”O texto abaixo foi escrito para o site da Federação Paulista de Futebol. Entrevistei o Marcelinho Carioca na loja “Todo Poderoso Timão” do Shopping Metrô Santa Cruz, no dia 1° de dezembro, em uma noite de autógrafos. Ele falou sobre Libertadores, seu jogo inesquecível, Ronaldo e claro, Corinthians”.
A torcida do Corinthians não esquece dele. E não é para menos, em oito anos vestindo a camisa do clube marcou 206 gols em 427 jogos, incluindo alguns tentos inesquecíveis, como o da final da Copa do Brasil de 1995, contra o Grêmio no Estádio Olímpico e o histórico gol de placa marcado contra o Santos, na Vila Belmiro, quando passou a bola por cima do zagueiro Ronaldo Marconatto e chutou de primeira no canto direito do goleiro santista, que lhe rendeu até uma placa do rei Pelé. Marcelo Pereira Surcin, conhecido como Marcelinho Carioca, é reverenciado até hoje pela torcida corintiana como um dos maiores ídolos da história do time.
Com uma carreira feita de altos e baixos, Marcelinho nunca escondeu seu amor pelo Corinthians. Já afirmou que a camisa do clube é a sua segunda pele e em todas as partidas que joga contra a equipe paulista, acaba indo para os braços da torcida. Apesar de tamanha identificação, o meio-campista admite que na infância não era corintiano. “Quando eu era criança não torcia para o Corinthians. Quando vim jogar em São Paulo assumi essa responsabilidade, principalmente pela forma como me trataram aqui e pelo carinho da torcida.
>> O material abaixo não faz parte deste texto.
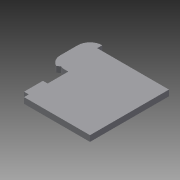
# Autodesk Inventor part: ExtruderSatoerMotorMount
Saved by Autodesk Inventor 2015 SP1 (Build 190203100, 203)
## iProperties
Created: 2015-05-03
Part Number: ExtruderSatoerMotorMount
Material: Generic
Document SubType Name: Modeling
Designer: Jack
Density: 1 g/cm^3
Appearance: Default
Author: Jack
Autodesk Inventor part; units mm, degrees
ref_plane "YZ Plane" through (0, 0, 0) normal (1, 0, 0) x (0, 1, 0)
ref_plane "XZ Plane" through (0, 0, 0) normal (0, 1, 0) x (-1, 0, 0)
ref_plane "XY Plane" through (0, 0, 0) normal (0, 0, 1) x (1, 0, 0)
sketch "Sketch1" plane through (0, 0, 0) normal (0, 0, 1) x (1, 0, 0)
  line L0 (0, 0) -> (45.5, 0)
  line L1 (45.5, 0) -> (45.5, 54.5)
  line L2 (0, 30.5) -> (-3, 30.5)
  line L3 (45.5, 54.5) -> (-4, 54.5)
  line L4 (-4, 54.5) -> (-4, 58)
  arc A0 (-5.6, 31.1534) -> (-3, 30.5) centre (-3, 36) ccw
  line L5 (-5.6, 31.1534) -> (-7.473, 29.7419)
  arc A1 (-12.5, 37.5) -> (-7.473, 29.7419) centre (-4, 37.5) ccw
  arc A2 (-4, 58) -> (-12.5, 49.5) centre (-4, 49.5) ccw
  line L6 (-12.5, 49.5) -> (-12.5, 37.5)
  line L7 (0, 0) -> (0, 3.25)
  line L8 (0, 3.25) -> (-3.25, 3.25)
  line L9 (-3.25, 3.25) -> (-3.25, 16.25)
  line L10 (-3.25, 16.25) -> (0, 16.25)
  line L11 (0, 16.25) -> (0, 30.5)
  dimension "d0" = 45.5
  dimension "d1" = 54.5
  dimension "d2" = 3.5
  dimension "d3" = 5.5
  dimension "d5" = 8.5
  dimension "d6" = 12
  dimension "d8" = 58
  dimension "d9" = 53
  dimension "d10" = 13
  dimension "d11" = 3.25
  dimension "d12" = 3.25
  dimension "d13" = 14.25
  dimension "d14" = 3
  dimension "d15" = 5.6
  constraints: 24 end point, 6 perpendicular, 6 point on circle, 3 centre point, 3 tangent, 2 horizontal, 2 vertical, 1 equal radius, 1 line through centre, 1 point on line, 1 vertical alignment
  measures "d0" distance of L0.start L0.end
  measures "d1" distance of L0.end L1.end
  measures "d2" distance of L3.end L4.end
  measures "d3" radius of A0
  measures "d5" radius of A2
  measures "d6" distance of A2.centre A1.centre
  measures "d8" distance between parallel lines of L1 L6
  measures "d9" angle of L6 L5
  measures "d10" distance of L8.end L9.end
  measures "d11" distance between parallel lines of L0 L8
  measures "d12" distance of L9.end L10.end
  measures "d13" distance of L10.end L2.start
  measures "d14" distance of L2.start L2.end
  measures "d15" horizontal distance of L2.start L5.start
extrude "Extrusion1" add sketch "Sketch1" along normal blind 4
body "Solid1"
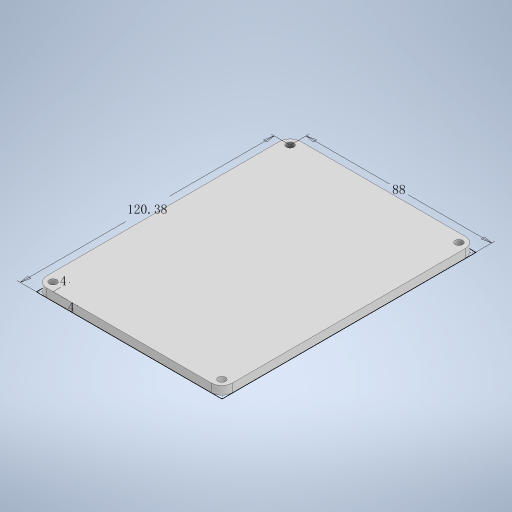
# Autodesk Inventor part: PrismGCUpNew
Saved by Autodesk Inventor 2024 (Build 280153000, 153)
## iProperties
Created: 2023-08-09
Part Number: PrismGCUpNew
Material: 常规
Document SubType Name: Modeling
Designer: liyuxuan
Density: 1 g/cm^3
Appearance: 默认
Author: liyuxuan
Autodesk Inventor part; units mm, degrees
ref_plane "YZ Plane" through (0, 0, 0) normal (1, 0, 0) x (0, 1, 0)
ref_plane "XZ Plane" through (0, 0, 0) normal (0, 1, 0) x (-1, 0, 0)
ref_plane "XY Plane" through (0, 0, 0) normal (0, 0, 1) x (1, 0, 0)
sketch "草图1" plane through (0, 0, 0) normal (0, 1, 0) x (-1, 0, 0)
  line L0 (-44, 60.19) -> (44, 60.19)
  line L1 (44, 60.19) -> (44, -60.19)
  line L2 (44, -60.19) -> (-44, -60.19)
  line L3 (-44, -60.19) -> (-44, 60.19)
  line L4 (-44, 60.19) -> (44, -60.19) construction
  line L5 (44, 60.19) -> (-44, -60.19) construction
  line L6 (0, 60.19) -> (0, -60.19)
  line L7 (44, 0) -> (-44, 0)
  point P0 (0, 0)
  point P1 (40, 56.19)
  point P2 (40, -56.19)
  point P3 (-40, 56.19)
  point P4 (-40, -56.19)
  dimension "d0" = 88
  dimension "d1" = 120.38
  dimension "d2" = 4
  dimension "d3" = 4
  constraints: 16 end point, 6 midpoint, 3 symmetric about line, 2 parallel, 1 horizontal, 1 perpendicular
  measures "d0" distance of L1.end L2.end
  measures "d1" distance of L0.end L1.end
  measures "d2" distance from line of L0 point (40, 56.19)
  measures "d3" distance from line of L1 point (40, 56.19)
extrude "拉伸1" add sketch "草图1" along normal blind 4
hole "孔1" at (-40, 0, 56.19) at (-40, 0, -56.19) at (40, 0, 56.19) at (40, 0, -56.19) direction (0, 1, 0) diameter 3.5 end through all
fillet "面圆角1" radius 5 1 edges at (44, 2, 60.19)
fillet "面圆角2" radius 5 1 edges at (-44, 2, 60.19)
fillet "面圆角3" radius 5 1 edges at (44, 2, -60.19)
fillet "面圆角4" radius 5 1 edges at (-44, 2, -60.19)
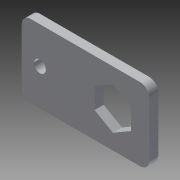
# Autodesk Inventor part: Hex Spacer 1-2
Saved by Autodesk Inventor 2014 (Build 180170000, 170)
## iProperties
Created: 2014-01-21
Part Number: Hex Spacer 1-2
Material: Aluminum 6061
Document SubType Name: Modeling
Designer: Michael
Density: 2.71 g/cm^3
Appearance: Aluminum - Flat
Author: Michael
Autodesk Inventor part; units mm, degrees
ref_plane "YZ Plane" through (0, 0, 0) normal (1, 0, 0) x (0, 1, 0)
ref_plane "XZ Plane" through (0, 0, 0) normal (0, 1, 0) x (-1, 0, 0)
ref_plane "XY Plane" through (0, 0, 0) normal (0, 0, 1) x (1, 0, 0)
sketch "Sketch1" plane through (0, 0, 0) normal (0, 0, 1) x (1, 0, 0)
  line L0 (0, 0) -> (44.45, 0)
  line L1 (44.45, 0) -> (44.45, 25.4)
  line L2 (44.45, 25.4) -> (0, 25.4)
  line L3 (0, 25.4) -> (0, 0)
  circle A0 centre (6.35, 12.7) radius 2.0701
  line L4 (31.75, 20.0323) -> (38.1, 16.3662)
  line L5 (38.1, 16.3662) -> (38.1, 9.0338)
  line L6 (38.1, 9.0338) -> (31.75, 5.3677)
  line L7 (31.75, 5.3677) -> (25.4, 9.0338)
  line L8 (25.4, 9.0338) -> (25.4, 16.3662)
  line L9 (25.4, 16.3662) -> (31.75, 20.0323)
  point P0 (31.75, 12.7)
  dimension "d0" = 44.45
  dimension "d1" = 25.4
  dimension "d2" = 4.1402
  dimension "d3" = 12.7
  dimension "d4" = 6.35
  dimension "d5" = 25.4
  dimension "d6" = 12.7
  dimension "d7" = 12.7
  constraints: 20 end point, 2 parallel, 1 centre point, 1 horizontal, 1 perpendicular, 1 vertical, 13 other
  measures "d0" distance of L2.end L1.end
  measures "d1" distance of L1.end L0.end
  measures "d2" diameter of A0
  measures "d3" distance from line of L0 A0.centre
  measures "d4" distance from line of L3 A0.centre
  measures "d5" distance of point (31.75, 12.7) A0.centre
  measures "d6" distance between parallel lines of L8 L5
  measures "d7" distance from line of L0 point (31.75, 12.7)
extrude "Extrusion1" add sketch "Sketch1" along normal blind 3.175
fillet "Fillet1" radius 3.175 4 edges at (44.45, 25.4, 1.5875) (44.45, 0, 1.5875) (0, 25.4, 1.5875) (0, 0, 1.5875)
body "Solid1"

A torcida corintiana é a grande responsável pela identificação tão grande que tive com o Corinthians”. Torcida esta que viu o jogador ter seu nome vinculado a alguns dos maiores títulos da história do clube, como os Campeonatos Brasileiros de 1998 e 1999, a Copa do Brasil de 1995 e o inédito Campeonato Mundial da FIFA, em 2000, que para Marcelinho, foi o maior título que conquistou em sua carreira. “A Copa do Brasil de 1995 teve um sabor especial, com aquele gol na final no Olímpico e por ser o primeiro título da Copa do Brasil do Corinthians, mas ganhar o Mundial foi maravilhoso, inesquecível. Com certeza foi o maior título da minha carreira de jogador de futebol”.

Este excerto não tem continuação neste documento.